Ich ver­stand nicht, ahn­te aber, dass auch unse­re Rol­le neu defi­niert wer­den muss­te. Wir waren nicht län­ger die aus einem tota­li­tä­ren Sys­tem Geflo­he­nen, weil es die­ses Sys­tem nicht mehr gab, wir stamm­ten wie vie­le ande­re aus dem Osten. Wir waren eine Fami­lie von unüber­schau­bar vie­len – aber eben auch nicht.

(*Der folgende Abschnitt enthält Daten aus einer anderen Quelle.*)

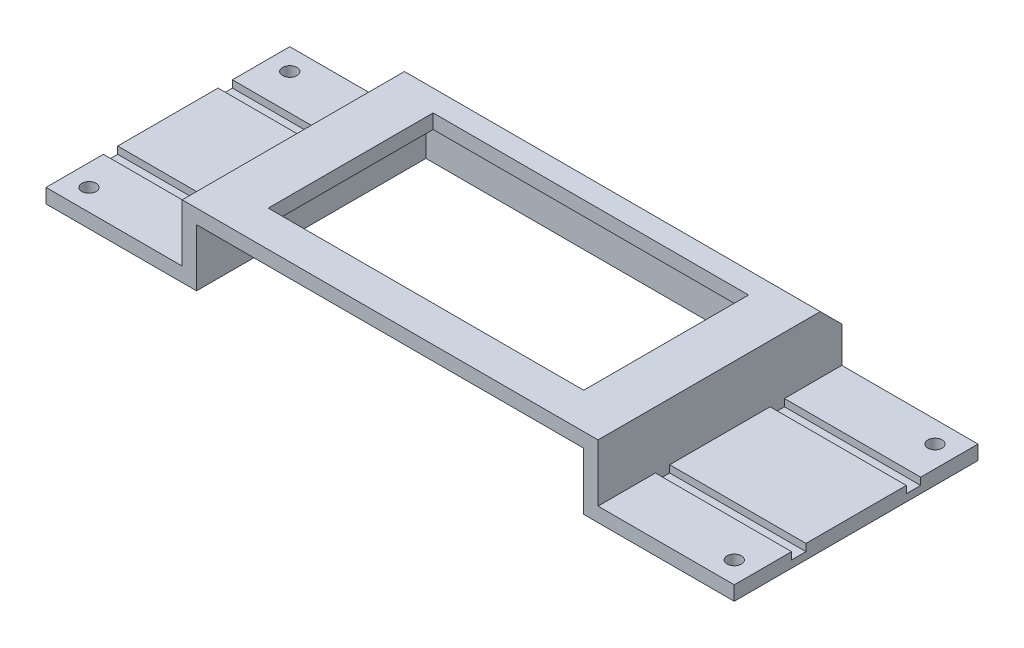
ISO-10303-21;
HEADER;
FILE_DESCRIPTION(('STEP AP214'),'2;1');
FILE_NAME('part.step','',(''),(''),'','','');
FILE_SCHEMA(('AUTOMOTIVE_DESIGN { 1 0 10303 214 1 1 1 1 }'));
ENDSEC;
DATA;
#1=APPLICATION_CONTEXT('core data for automotive mechanical design processes');
#2=APPLICATION_PROTOCOL_DEFINITION('international standard','automotive_design',2000,#1);
#3=PRODUCT_CONTEXT('',#1,'mechanical');
#4=PRODUCT('Part','Part','',(#3));
#5=PRODUCT_RELATED_PRODUCT_CATEGORY('part','',(#4));
#6=PRODUCT_DEFINITION_FORMATION('','',#4);
#7=PRODUCT_DEFINITION_CONTEXT('part definition',#1,'design');
#8=PRODUCT_DEFINITION('design','',#6,#7);
#9=PRODUCT_DEFINITION_SHAPE('','',#8);
#10=(LENGTH_UNIT() NAMED_UNIT(*) SI_UNIT(.MILLI.,.METRE.));
#11=(NAMED_UNIT(*) PLANE_ANGLE_UNIT() SI_UNIT($,.RADIAN.));
#12=(NAMED_UNIT(*) SI_UNIT($,.STERADIAN.) SOLID_ANGLE_UNIT());
#13=UNCERTAINTY_MEASURE_WITH_UNIT(LENGTH_MEASURE(1.E-05),#10,'distance_accuracy_value','');
#14=(GEOMETRIC_REPRESENTATION_CONTEXT(3) GLOBAL_UNCERTAINTY_ASSIGNED_CONTEXT((#13)) GLOBAL_UNIT_ASSIGNED_CONTEXT((#10,
#11,#12)) REPRESENTATION_CONTEXT('',''));
#15=CARTESIAN_POINT('',(0.,0.,0.));
#16=DIRECTION('',(0.,0.,1.));
#17=DIRECTION('',(1.,0.,0.));
#18=AXIS2_PLACEMENT_3D('',#15,#16,#17);
#19=CARTESIAN_POINT('',(0.,1.,0.));
#20=DIRECTION('',(0.,1.,0.));
#21=DIRECTION('',(0.,0.,1.));
#22=AXIS2_PLACEMENT_3D('',#19,#20,#21);
#23=PLANE('',#22);
#24=DIRECTION('',(1.,0.,0.));
#25=VECTOR('',#24,1.);
#26=CARTESIAN_POINT('',(-14.5,1.,4.5));
#27=LINE('',#26,#25);
#28=CARTESIAN_POINT('',(-24.,1.,4.5));
#29=VERTEX_POINT('',#28);
#30=CARTESIAN_POINT('',(-14.5,1.,4.5));
#31=VERTEX_POINT('',#30);
#32=EDGE_CURVE('E57',#29,#31,#27,.T.);
#33=ORIENTED_EDGE('',*,*,#32,.F.);
#34=DIRECTION('',(0.,0.,1.));
#35=VECTOR('',#34,1.);
#36=CARTESIAN_POINT('',(-24.,1.,8.5));
#37=LINE('',#36,#35);
#38=CARTESIAN_POINT('',(-24.,1.,8.5));
#39=VERTEX_POINT('',#38);
#40=EDGE_CURVE('E549',#29,#39,#37,.T.);
#41=ORIENTED_EDGE('',*,*,#40,.T.);
#42=DIRECTION('',(1.,0.,0.));
#43=VECTOR('',#42,1.);
#44=CARTESIAN_POINT('',(24.,1.,8.49999999999999));
#45=LINE('',#44,#43);
#46=CARTESIAN_POINT('',(-14.5,1.,8.5));
#47=VERTEX_POINT('',#46);
#48=EDGE_CURVE('E550',#39,#47,#45,.T.);
#49=ORIENTED_EDGE('',*,*,#48,.T.);
#50=DIRECTION('',(0.,0.,1.));
#51=VECTOR('',#50,1.);
#52=CARTESIAN_POINT('',(-14.5,1.,8.50000000000001));
#53=LINE('',#52,#51);
#54=EDGE_CURVE('E506',#31,#47,#53,.T.);
#55=ORIENTED_EDGE('',*,*,#54,.F.);
#56=EDGE_LOOP('',(#33,#41,#49,#55));
#57=FACE_BOUND('',#56,.T.);
#58=CARTESIAN_POINT('',(-22.5,1.,7.));
#59=DIRECTION('',(0.,1.,0.));
#60=DIRECTION('',(0.,0.,-1.));
#61=AXIS2_PLACEMENT_3D('',#58,#59,#60);
#62=CIRCLE('',#61,0.499999999999999);
#63=CARTESIAN_POINT('',(-22.5,1.,6.5));
#64=VERTEX_POINT('',#63);
#65=EDGE_CURVE('E398',#64,#64,#62,.T.);
#66=ORIENTED_EDGE('',*,*,#65,.F.);
#67=EDGE_LOOP('',(#66));
#68=FACE_BOUND('',#67,.T.);
#69=ADVANCED_FACE('F41',(#57,#68),#23,.T.);
#70=DIRECTION('',(-1.,0.,0.));
#71=VECTOR('',#70,1.);
#72=CARTESIAN_POINT('',(-14.5,1.,-4.5));
#73=LINE('',#72,#71);
#74=CARTESIAN_POINT('',(-14.5,1.,-4.5));
#75=VERTEX_POINT('',#74);
#76=CARTESIAN_POINT('',(-24.,1.,-4.5));
#77=VERTEX_POINT('',#76);
#78=EDGE_CURVE('E377',#75,#77,#73,.T.);
#79=ORIENTED_EDGE('',*,*,#78,.F.);
#80=CARTESIAN_POINT('',(-14.5,1.,-8.5));
#81=VERTEX_POINT('',#80);
#82=EDGE_CURVE('E519',#81,#75,#53,.T.);
#83=ORIENTED_EDGE('',*,*,#82,.F.);
#84=DIRECTION('',(-1.,0.,0.));
#85=VECTOR('',#84,1.);
#86=CARTESIAN_POINT('',(24.,1.,-8.50000000000001));
#87=LINE('',#86,#85);
#88=CARTESIAN_POINT('',(-24.,1.,-8.5));
#89=VERTEX_POINT('',#88);
#90=EDGE_CURVE('E559',#81,#89,#87,.T.);
#91=ORIENTED_EDGE('',*,*,#90,.T.);
#92=EDGE_CURVE('E543',#89,#77,#37,.T.);
#93=ORIENTED_EDGE('',*,*,#92,.T.);
#94=EDGE_LOOP('',(#79,#83,#91,#93));
#95=FACE_BOUND('',#94,.T.);
#96=CARTESIAN_POINT('',(-22.5,1.,-7.));
#97=DIRECTION('',(0.,1.,0.));
#98=DIRECTION('',(0.,0.,1.));
#99=AXIS2_PLACEMENT_3D('',#96,#97,#98);
#100=CIRCLE('',#99,0.499999999999999);
#101=CARTESIAN_POINT('',(-22.5,1.,-6.5));
#102=VERTEX_POINT('',#101);
#103=EDGE_CURVE('E411',#102,#102,#100,.T.);
#104=ORIENTED_EDGE('',*,*,#103,.F.);
#105=EDGE_LOOP('',(#104));
#106=FACE_BOUND('',#105,.T.);
#107=ADVANCED_FACE('F688',(#95,#106),#23,.T.);
#108=DIRECTION('',(-1.,0.,0.));
#109=VECTOR('',#108,1.);
#110=CARTESIAN_POINT('',(14.5,1.,-4.5));
#111=LINE('',#110,#109);
#112=CARTESIAN_POINT('',(24.,1.,-4.49999999999999));
#113=VERTEX_POINT('',#112);
#114=CARTESIAN_POINT('',(14.5,1.,-4.5));
#115=VERTEX_POINT('',#114);
#116=EDGE_CURVE('E343',#113,#115,#111,.T.);
#117=ORIENTED_EDGE('',*,*,#116,.F.);
#118=DIRECTION('',(0.,0.,-1.));
#119=VECTOR('',#118,1.);
#120=CARTESIAN_POINT('',(24.,1.,8.49999999999999));
#121=LINE('',#120,#119);
#122=CARTESIAN_POINT('',(24.,1.,-8.50000000000001));
#123=VERTEX_POINT('',#122);
#124=EDGE_CURVE('E554',#113,#123,#121,.T.);
#125=ORIENTED_EDGE('',*,*,#124,.T.);
#126=CARTESIAN_POINT('',(14.5,1.,-8.50000000000001));
#127=VERTEX_POINT('',#126);
#128=EDGE_CURVE('E561',#123,#127,#87,.T.);
#129=ORIENTED_EDGE('',*,*,#128,.T.);
#130=DIRECTION('',(0.,0.,-1.));
#131=VECTOR('',#130,1.);
#132=CARTESIAN_POINT('',(14.5,1.,8.50000000000001));
#133=LINE('',#132,#131);
#134=EDGE_CURVE('E523',#115,#127,#133,.T.);
#135=ORIENTED_EDGE('',*,*,#134,.F.);
#136=EDGE_LOOP('',(#117,#125,#129,#135));
#137=FACE_BOUND('',#136,.T.);
#138=CARTESIAN_POINT('',(22.5,1.,-7.00000000000001));
#139=DIRECTION('',(0.,1.,0.));
#140=DIRECTION('',(0.,0.,-1.));
#141=AXIS2_PLACEMENT_3D('',#138,#139,#140);
#142=CIRCLE('',#141,0.499999999999999);
#143=CARTESIAN_POINT('',(22.5,1.,-7.50000000000001));
#144=VERTEX_POINT('',#143);
#145=EDGE_CURVE('E412',#144,#144,#142,.T.);
#146=ORIENTED_EDGE('',*,*,#145,.F.);
#147=EDGE_LOOP('',(#146));
#148=FACE_BOUND('',#147,.T.);
#149=ADVANCED_FACE('F728',(#137,#148),#23,.T.);
#150=DIRECTION('',(1.,0.,0.));
#151=VECTOR('',#150,1.);
#152=CARTESIAN_POINT('',(14.5,1.,-3.5));
#153=LINE('',#152,#151);
#154=CARTESIAN_POINT('',(14.5,1.,-3.5));
#155=VERTEX_POINT('',#154);
#156=CARTESIAN_POINT('',(24.,1.,-3.50000000000001));
#157=VERTEX_POINT('',#156);
#158=EDGE_CURVE('E355',#155,#157,#153,.T.);
#159=ORIENTED_EDGE('',*,*,#158,.F.);
#160=CARTESIAN_POINT('',(14.5,1.,3.5));
#161=VERTEX_POINT('',#160);
#162=EDGE_CURVE('E527',#161,#155,#133,.T.);
#163=ORIENTED_EDGE('',*,*,#162,.F.);
#164=DIRECTION('',(-1.,0.,0.));
#165=VECTOR('',#164,1.);
#166=CARTESIAN_POINT('',(14.5,1.,3.5));
#167=LINE('',#166,#165);
#168=CARTESIAN_POINT('',(24.,1.,3.50000000000001));
#169=VERTEX_POINT('',#168);
#170=EDGE_CURVE('E308',#169,#161,#167,.T.);
#171=ORIENTED_EDGE('',*,*,#170,.F.);
#172=EDGE_CURVE('E560',#169,#157,#121,.T.);
#173=ORIENTED_EDGE('',*,*,#172,.T.);
#174=EDGE_LOOP('',(#159,#163,#171,#173));
#175=FACE_BOUND('',#174,.T.);
#176=ADVANCED_FACE('F670',(#175),#23,.T.);
#177=DIRECTION('',(-1.,0.,0.));
#178=VECTOR('',#177,1.);
#179=CARTESIAN_POINT('',(-14.5,1.,3.5));
#180=LINE('',#179,#178);
#181=CARTESIAN_POINT('',(-14.5,1.,3.5));
#182=VERTEX_POINT('',#181);
#183=CARTESIAN_POINT('',(-24.,1.,3.5));
#184=VERTEX_POINT('',#183);
#185=EDGE_CURVE('E285',#182,#184,#180,.T.);
#186=ORIENTED_EDGE('',*,*,#185,.F.);
#187=CARTESIAN_POINT('',(-14.5,1.,-3.5));
#188=VERTEX_POINT('',#187);
#189=EDGE_CURVE('E264',#188,#182,#53,.T.);
#190=ORIENTED_EDGE('',*,*,#189,.F.);
#191=DIRECTION('',(1.,0.,0.));
#192=VECTOR('',#191,1.);
#193=CARTESIAN_POINT('',(-14.5,1.,-3.5));
#194=LINE('',#193,#192);
#195=CARTESIAN_POINT('',(-24.,1.,-3.5));
#196=VERTEX_POINT('',#195);
#197=EDGE_CURVE('E65',#196,#188,#194,.T.);
#198=ORIENTED_EDGE('',*,*,#197,.F.);
#199=EDGE_CURVE('E548',#196,#184,#37,.T.);
#200=ORIENTED_EDGE('',*,*,#199,.T.);
#201=EDGE_LOOP('',(#186,#190,#198,#200));
#202=FACE_BOUND('',#201,.T.);
#203=ADVANCED_FACE('F705',(#202),#23,.T.);
#204=CARTESIAN_POINT('',(-24.,1.,8.5));
#205=DIRECTION('',(1.,0.,0.));
#206=DIRECTION('',(0.,0.,-1.));
#207=AXIS2_PLACEMENT_3D('',#204,#205,#206);
#208=PLANE('',#207);
#209=ORIENTED_EDGE('',*,*,#40,.F.);
#210=DIRECTION('',(0.,1.,0.));
#211=VECTOR('',#210,1.);
#212=CARTESIAN_POINT('',(-24.,0.5,4.5));
#213=LINE('',#212,#211);
#214=CARTESIAN_POINT('',(-24.,0.5,4.5));
#215=VERTEX_POINT('',#214);
#216=EDGE_CURVE('E298',#215,#29,#213,.T.);
#217=ORIENTED_EDGE('',*,*,#216,.F.);
#218=DIRECTION('',(0.,0.,1.));
#219=VECTOR('',#218,1.);
#220=CARTESIAN_POINT('',(-24.,0.5,3.5));
#221=LINE('',#220,#219);
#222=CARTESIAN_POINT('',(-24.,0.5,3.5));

Wie unauf­lös­bar die­ser Kon­flikt ist, wie prä­gend ein Leben lang, davon han­delt Con­stan­ze Neu­manns Das Jahr ohne Som­mer, dabei inhalt­li­che Tie­fe mit unprä­ten­tiö­ser Spra­che ver­knüp­fend, zuwei­len selbst­iro­nisch, dann wie­der melancholisch-nachdenklich. Indem die Autorin uns teil­ha­ben lässt an ihrem Schick­sal und an dem ihrer Eltern, ist ein sehr lesens­wer­tes Buch ent­stan­den, das Fra­gen auf­wirft, vor allem aber Ver­ständ­nis zu wecken ver­mag für alle, die sich zwi­schen zwei Hei­ma­ten bewe­gen müs­sen und mussten.

Die kürz­lich in einem Inter­view von Jan Phil­ipp Reemts­ma for­mu­lier­te The­se, Lite­ra­tur sei unent­behr­lich, da sie Bli­cke von Men­schen, die die­se in die Welt getan haben, auf­be­wah­re und damit den eige­nen Erfah­rungs­ho­ri­zont erwei­te­re und berei­che­re, löst Con­stan­ze Neu­manns Werk in über­zeu­gen­der Wei­se ein. Schon mit dem 2021 ver­öf­fent­lich­ten Roman Wel­len­flug, in dem die bewe­gen­de Geschich­te ihres Groß­va­ters Hein­rich Rei­chen­heim von der Mit­te des 19. Jahr­hun­derts bis in die Nach­kriegs­jah­re erzählt wird, stellt die Autorin am indi­vi­du­el­len Bei­spiel die Ambi­va­lenz mensch­li­cher Sehn­sucht nach Hei­mat und Glück in den Mit­tel­punkt. Bei­de Bücher sind unab­hän­gig von­ein­an­der zu lesen, in der Kom­bi­na­ti­on zei­gen sie aber ein­drück­lich auf, wie die Fäden der Ver­gan­gen­heit ver­wo­ben sind mit den Rea­li­tä­ten der Gegen­wart und den Träu­men der Zukunft.